#### About this task
Here is the task for the records below: repeat exactly the lines from the one with "blk = doc.blocks.new('dpend1')" to the one with "dxfattribs=at).set_placement((0, 4.02), align=Align.CENTER)", both included, and nothing else.
···
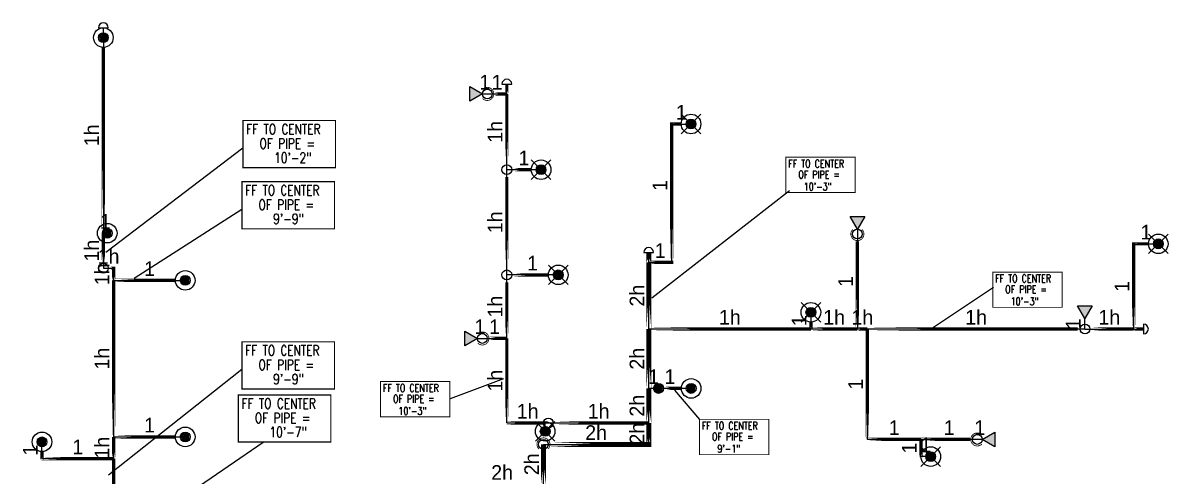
# Model space of a CAD drawing. Header units: inches. Extents: x -3368 to 19, y 7 to 1465.
# Drawn here: x -716 to -14, y 603 to 881 of the extents above; entities that cross this region are included whole.
import ezdxf
from ezdxf.enums import TextEntityAlignment as Align

# ---------------------------------------------------------------- set-up
doc = ezdxf.new("R2010")
doc.units = ezdxf.units.IN
doc.header["$MEASUREMENT"] = 0
for name, color, linetype in [('Coordination', 1, 'Continuous'), ('headdn', 7, 'Continuous'), ('PIPEBL', 4, 'Continuous'), ('pipemn', 6, 'Continuous'), ('PIPESPC', 7, 'Continuous'), ('spk-cap', 7, 'Continuous'), ('spk-pipedrop', 7, 'Continuous'), ('spk-piperise', 7, 'Continuous'), ('TIDYPIPE', 7, 'Continuous')]:
    doc.layers.add(name, color=color, linetype=linetype)
doc.styles.add('PDA1', font='ROMAND', dxfattribs={"width": 0.755})
doc.styles.add('PIPE', font='PIPE.SHX')

# ---------------------------------------------------------------- blocks, each defined once
blk = doc.blocks.new('dpend1')
for radius in [6, 3]:
    blk.add_circle((0, 0), radius)
for points in [[(0.01, 2.97), (-2.53, -1.59), (-2.62, 1.36)], [(0.01, 2.97), (-2.49, -1.59), (2.52, -1.59)], [(2.52, -1.59), (0.01, 2.97), (2.6, 1.47)], [(2.52, -1.59), (-2.53, -1.59), (0.01, -2.98)]]:
    blk.add_solid(points)
blk = doc.blocks.new('side2')
for p, q in [((0, 0), (7.79, 4.5)), ((7.79, -4.5), (0, 0)), ((7.79, 4.5), (7.79, -4.5))]:
    blk.add_line(p, q)
blk.add_solid([(7.79, -4.5), (0, 0), (7.79, 4.5)])
blk = doc.blocks.new('rise')
blk.add_circle((0, 0), 3)
blk = doc.blocks.new('dpend2')
for p, q in [((-6, -6), (6, 6)), ((6, -6), (-6, 6))]:
    blk.add_line(p, q)
for radius in [6, 3]:
    blk.add_circle((0, 0), radius)
for points in [[(0, 0), (-3, 0), (-2.08, 2.07)], [(0, 0), (-3, 0), (-2.08, -2.07)], [(0, 0), (0, 3), (-2.12, 2.14)], [(0, 0), (0, -3), (-2.12, -2.14)], [(0, 0), (0, 3), (2.12, 2.14)], [(0, 0), (3, 0), (2.08, 2.07)], [(0, 0), (3, 0), (2.08, -2.07)], [(0, 0), (0, -3), (2.12, -2.14)]]:
    blk.add_solid(points)
blk = doc.blocks.new('PIPESPC')
at = {"layer": 'PIPESPC', "style": 'PIPE', "width": 0.9}
blk.add_attdef('SIZE', text='', height=9, dxfattribs=at).set_placement((0, 4.02), align=Align.CENTER)
at = {"layer": 'PIPESPC', "style": 'PIPE', "flags": 1}
blk.add_attdef('SCHED', (25.3, 3.89), '', height=9, dxfattribs=at)
blk = doc.blocks.new('CAP')
blk.add_line((0, 3), (0, -3))
blk.add_arc((0, 0), 3, 270, 90)
blk = doc.blocks.new('drop')
blk.add_circle((0, 0), 3)
for points in [[(0.01, 2.97), (-2.53, -1.59), (-2.62, 1.36)], [(0.01, 2.97), (-2.49, -1.59), (2.52, -1.59)], [(2.52, -1.59), (0.01, 2.97), (2.6, 1.47)], [(2.52, -1.59), (-2.53, -1.59), (0.01, -2.98)]]:
    blk.add_solid(points)
blk = doc.blocks.new('TIDYRUN')
at = {"const_width": 0.5}
blk.add_lwpolyline([(-2.83, 2.83, -2.414214), (-2.83, -2.83, -1.737895)], format="xyb", dxfattribs=at)

msp = doc.modelspace()

# ---------------------------------------------------------------- linework, layer by layer
at = {"layer": 'Coordination', "color": 1}
for p, q in [((-664.79, 740.13), (-580.84, 804.1)), ((-330.14, 712.18), (-245.78, 777.92)), ((-647.45, 724.13), (-581.46, 766.57)), ((-158.11, 693.72), (-120.67, 718.66)), ((-663.3, 603.45), (-581.46, 668.35)), ((-421.05, 662.48), (-453.7, 650.2)), ((-316.28, 655.35), (-300.87, 637.55)), ((-656.86, 563.07), (-568.42, 623.48))]:
    msp.add_line(p, q, dxfattribs=at)
for points, const_width in [([(-580.74, 820.83), (-580.74, 791.96), (-524.07, 791.96), (-524.07, 820.83), (-580.74, 820.83)], 0.75), ([(-247.93, 798.32), (-247.93, 776.66), (-205.42, 776.66), (-205.42, 798.32), (-247.93, 798.32)], 0.562), ([(-581.36, 783.3), (-581.36, 754.43), (-524.68, 754.43), (-524.68, 783.3), (-581.36, 783.3)], 0.75), ([(-121.05, 727.9), (-121.05, 706.25), (-78.55, 706.25), (-78.55, 727.9), (-121.05, 727.9)], 0.562), ([(-581.36, 685.08), (-581.36, 656.21), (-524.68, 656.21), (-524.68, 685.08), (-581.36, 685.08)], 0.75), ([(-496.4, 660.73), (-496.4, 639.08), (-453.9, 639.08), (-453.9, 660.73), (-496.4, 660.73)], 0.562), ([(-583.58, 652.5), (-583.58, 623.63), (-526.91, 623.63), (-526.91, 652.5), (-583.58, 652.5)], 0.75), ([(-300.87, 637.55), (-300.87, 615.9), (-258.37, 615.9), (-258.37, 637.55), (-300.87, 637.55)], 0.562)]:
    msp.add_lwpolyline(points, dxfattribs=dict(at, const_width=const_width))
at = {"layer": 'PIPEBL', "color": 1}
for p, q in [((-666.37, 871.74), (-666.37, 877.74)), ((-666.37, 871.74), (-666.37, 751.74)), ((-419.01, 837.16), (-419.01, 843.16)), ((-434.01, 837.16), (-431.01, 837.16)), ((-431.01, 837.16), (-419.01, 837.16)), ((-419.01, 790.66), (-419.01, 837.16)), ((-317.96, 733.89), (-317.96, 818.71)), ((-317.96, 818.71), (-306.11, 818.71)), ((-419.01, 726.16), (-419.01, 790.66)), ((-398.01, 790.66), (-419.01, 790.66)), ((-666.37, 751.74), (-666.37, 730.28)), ((-664, 751.74), (-666.37, 751.74)), ((-204.11, 754.21), (-204.11, 751.21)), ((-204.11, 751.21), (-204.11, 692.95)), ((-34.71, 692.95), (-34.71, 745.21)), ((-34.71, 745.21), (-19.61, 745.21)), ((-666.37, 730.28), (-660, 730.28)), ((-660, 722.78), (-660, 730.28)), ((-332, 733.89), (-317.96, 733.89)), ((-419.01, 687.16), (-419.01, 726.16)), ((-387.51, 726.16), (-419.01, 726.16)), ((-660, 626.78), (-660, 722.78)), ((-660, 722.78), (-616.19, 722.78)), ((-232.61, 703.21), (-232.61, 692.95)), ((-64.61, 692.95), (-64.61, 699.44)), ((-232.61, 692.95), (-332, 692.95)), ((-204.11, 692.95), (-232.61, 692.95)), ((-198, 692.95), (-204.11, 692.95)), ((-64.61, 692.95), (-198, 692.95)), ((-198, 625.21), (-198, 692.95)), ((-64.61, 692.95), (-34.71, 692.95)), ((-34.71, 692.95), (-28.71, 692.95)), ((-437.01, 687.16), (-434.01, 687.16)), ((-434.01, 687.16), (-419.01, 687.16)), ((-419.01, 635.31), (-419.01, 687.16)), ((-326, 656.5), (-332, 656.5)), ((-306, 656.5), (-326, 656.5)), ((-419.01, 635.31), (-395.5, 635.31)), ((-395.5, 635.31), (-393.51, 635.31)), ((-395.5, 630.16), (-395.5, 635.31)), ((-393.51, 635.31), (-332, 635.31)), ((-660, 613.48), (-660, 626.78)), ((-660, 626.78), (-616.19, 626.78)), ((-165.11, 625.21), (-198, 625.21)), ((-130.61, 625.21), (-165.11, 625.21)), ((-165.11, 614.71), (-165.11, 625.21)), ((-127.61, 625.21), (-130.61, 625.21)), ((-704, 613.48), (-704, 623.74)), ((-704, 613.48), (-660, 613.48)), ((-660, 576.69), (-660, 613.48)), ((-159.11, 614.71), (-165.11, 614.71))]:
    msp.add_line(p, q, dxfattribs=at)
at = {"layer": 'pipemn', "color": 1}
for p, q in [((-332, 733.89), (-332, 739.89)), ((-332, 692.95), (-332, 733.89)), ((-332, 656.5), (-332, 692.95)), ((-332, 635.31), (-332, 656.5)), ((-332, 622.18), (-332, 635.31)), ((-396.57, 597.75), (-396.57, 622.18)), ((-396.57, 622.18), (-332, 622.18))]:
    msp.add_line(p, q, dxfattribs=at)
at = {"layer": 'TIDYPIPE', "color": 1}
for points, const_width in [([(-666.37, 751.74), (-666.37, 865.74)], 2), ([(-419.01, 837.16), (-419.01, 843.16)], 2), ([(-426.51, 837.16), (-419.01, 837.16)], 2), ([(-419.01, 795.16), (-419.01, 837.16)], 2), ([(-318.96, 818.71), (-312.11, 818.71)], 2), ([(-317.96, 732.89), (-317.96, 819.71)], 2), ([(-419.01, 730.66), (-419.01, 786.16)], 2), ([(-414.51, 790.66), (-404.01, 790.66)], 2), ([(-666.37, 734.78), (-666.37, 751.74)], 2), ([(-204.11, 692.95), (-204.11, 746.71)], 2), ([(-35.71, 745.21), (-25.61, 745.21)], 2), ([(-34.71, 692.95), (-34.71, 746.21)], 2), ([(-332, 733.89), (-332, 739.89)], 3), ([(-661.87, 730.28), (-659, 730.28)], 2), ([(-660, 722.78), (-660, 731.28)], 2), ([(-332, 692.95), (-332, 733.89)], 3), ([(-332, 733.89), (-316.96, 733.89)], 2), ([(-660, 722.78), (-622.19, 722.78)], 2), ([(-660, 626.78), (-660, 722.78)], 2), ([(-414.51, 726.16), (-393.51, 726.16)], 2), ([(-419.01, 687.16), (-419.01, 721.66)], 2), ([(-232.61, 692.95), (-232.61, 697.21)], 2), ([(-429.51, 687.16), (-419.01, 687.16)], 2), ([(-419.01, 634.31), (-419.01, 687.16)], 2), ([(-332, 656.5), (-332, 692.95)], 3), ([(-332, 692.95), (-232.61, 692.95)], 2), ([(-232.61, 692.95), (-204.11, 692.95)], 2), ([(-204.11, 692.95), (-198, 692.95)], 2), ([(-198, 692.95), (-69.11, 692.95)], 2), ([(-198, 624.21), (-198, 692.95)], 2), ([(-60.11, 692.95), (-34.71, 692.95)], 2), ([(-34.71, 692.95), (-28.71, 692.95)], 2), ([(-332, 635.31), (-332, 656.5)], 3), ([(-321.5, 656.5), (-312, 656.5)], 2), ([(-420.01, 635.31), (-395.5, 635.31)], 2), ([(-389.01, 635.31), (-332, 635.31)], 2), ([(-332, 620.68), (-332, 635.31)], 3), ([(-660, 626.78), (-622.19, 626.78)], 2), ([(-660, 613.48), (-660, 626.78)], 2), ([(-199, 625.21), (-165.11, 625.21)], 2), ([(-165.11, 625.21), (-135.11, 625.21)], 2), ([(-165.11, 613.71), (-165.11, 625.21)], 2), ([(-704, 612.48), (-704, 617.74)], 2), ([(-396.57, 597.75), (-396.57, 622.18)], 3), ([(-392.07, 622.18), (-330.5, 622.18)], 3), ([(-705, 613.48), (-660, 613.48)], 2), ([(-660, 581.19), (-660, 613.48)], 2)]:
    msp.add_lwpolyline(points, close=True, dxfattribs=dict(at, const_width=const_width))

# ---------------------------------------------------------------- block references
at = {"layer": 'headdn', "color": 1}
for name, p in [('dpend1', (-666.37, 871.74)), ('dpend2', (-306.11, 818.71)), ('dpend2', (-398.01, 790.66)), ('dpend1', (-664, 751.74)), ('dpend2', (-19.61, 745.21)), ('dpend2', (-387.51, 726.16)), ('dpend1', (-616.19, 722.78)), ('dpend2', (-232.61, 703.21)), ('dpend1', (-306, 656.5)), ('dpend1', (-616.19, 626.78)), ('dpend2', (-395.5, 630.16)), ('dpend1', (-704, 623.74)), ('side2', (-127.61, 625.21)), ('dpend2', (-159.11, 614.71))]:
    msp.add_blockref(name, p, dxfattribs=at)
for p, rotation in [((-434.01, 837.16), 180), ((-204.11, 754.21), 89.99999999999999), ((-64.61, 699.44), 89.99999999999999), ((-437.01, 687.16), 180)]:
    msp.add_blockref('side2', p, dxfattribs=dict(at, rotation=rotation))
at = {"layer": 'PIPESPC', "color": 1}
ref = msp.add_blockref('PIPESPC', (-432.51, 837.16), dxfattribs=at)
ref.add_attrib('SIZE', '1', dxfattribs={"color": 0, "height": 9, "style": 'PIPE'}).set_placement((-432.51, 837.16), align=Align.BOTTOM_CENTER)
ref = msp.add_blockref('PIPESPC', (-425.01, 837.16), dxfattribs=at)
ref.add_attrib('SIZE', '1', dxfattribs={"color": 0, "height": 9, "style": 'PIPE'}).set_placement((-425.01, 837.16), align=Align.BOTTOM_CENTER)
ref = msp.add_blockref('PIPESPC', (-312.04, 818.71), dxfattribs=at)
ref.add_attrib('SIZE', '1', dxfattribs={"color": 0, "height": 9, "style": 'PIPE'}).set_placement((-312.04, 818.71), align=Align.BOTTOM_CENTER)
ref = msp.add_blockref('PIPESPC', (-666.37, 811.74), dxfattribs=dict(at, rotation=89.99999999999957))
ref.add_attrib('SIZE', '1h', dxfattribs={"color": 0, "height": 9, "rotation": 90, "style": 'PIPE'}).set_placement((-666.37, 811.74), align=Align.BOTTOM_CENTER)
ref = msp.add_blockref('PIPESPC', (-419.01, 813.91), dxfattribs=dict(at, rotation=90))
ref.add_attrib('SIZE', '1h', dxfattribs={"color": 0, "height": 9, "rotation": 90, "style": 'PIPE'}).set_placement((-419.01, 813.91), align=Align.BOTTOM_CENTER)
ref = msp.add_blockref('PIPESPC', (-408.51, 790.66), dxfattribs=at)
ref.add_attrib('SIZE', '1', dxfattribs={"color": 0, "height": 9, "style": 'PIPE'}).set_placement((-408.51, 790.66), align=Align.BOTTOM_CENTER)
ref = msp.add_blockref('PIPESPC', (-317.96, 781.01), dxfattribs=dict(at, rotation=90))
ref.add_attrib('SIZE', '1', dxfattribs={"color": 0, "height": 9, "rotation": 90, "style": 'PIPE'}).set_placement((-317.96, 781.01), align=Align.BOTTOM_CENTER)
ref = msp.add_blockref('PIPESPC', (-665.18, 751.74), dxfattribs=at)
ref.add_attrib('SIZE', '1', dxfattribs={"color": 0, "height": 9, "style": 'PIPE'}).set_placement((-665.18, 751.74), align=Align.BOTTOM_CENTER)
ref = msp.add_blockref('PIPESPC', (-419.01, 758.41), dxfattribs=dict(at, rotation=90))
ref.add_attrib('SIZE', '1h', dxfattribs={"color": 0, "height": 9, "rotation": 90, "style": 'PIPE'}).set_placement((-419.01, 758.41), align=Align.BOTTOM_CENTER)
ref = msp.add_blockref('PIPESPC', (-27.16, 745.21), dxfattribs=at)
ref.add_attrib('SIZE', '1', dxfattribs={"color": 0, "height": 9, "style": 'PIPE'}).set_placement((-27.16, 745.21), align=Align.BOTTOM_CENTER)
···
#### Task result
blk = doc.blocks.new('dpend1')
for radius in [6, 3]:
    blk.add_circle((0, 0), radius)
for points in [[(0.01, 2.97), (-2.53, -1.59), (-2.62, 1.36)], [(0.01, 2.97), (-2.49, -1.59), (2.52, -1.59)], [(2.52, -1.59), (0.01, 2.97), (2.6, 1.47)], [(2.52, -1.59), (-2.53, -1.59), (0.01, -2.98)]]:
    blk.add_solid(points)
blk = doc.blocks.new('side2')
for p, q in [((0, 0), (7.79, 4.5)), ((7.79, -4.5), (0, 0)), ((7.79, 4.5), (7.79, -4.5))]:
    blk.add_line(p, q)
blk.add_solid([(7.79, -4.5), (0, 0), (7.79, 4.5)])
blk = doc.blocks.new('rise')
blk.add_circle((0, 0), 3)
blk = doc.blocks.new('dpend2')
for p, q in [((-6, -6), (6, 6)), ((6, -6), (-6, 6))]:
    blk.add_line(p, q)
for radius in [6, 3]:
    blk.add_circle((0, 0), radius)
for points in [[(0, 0), (-3, 0), (-2.08, 2.07)], [(0, 0), (-3, 0), (-2.08, -2.07)], [(0, 0), (0, 3), (-2.12, 2.14)], [(0, 0), (0, -3), (-2.12, -2.14)], [(0, 0), (0, 3), (2.12, 2.14)], [(0, 0), (3, 0), (2.08, 2.07)], [(0, 0), (3, 0), (2.08, -2.07)], [(0, 0), (0, -3), (2.12, -2.14)]]:
    blk.add_solid(points)
blk = doc.blocks.new('PIPESPC')
at = {"layer": 'PIPESPC', "style": 'PIPE', "width": 0.9}
blk.add_attdef('SIZE', text='', height=9, dxfattribs=at).set_placement((0, 4.02), align=Align.CENTER)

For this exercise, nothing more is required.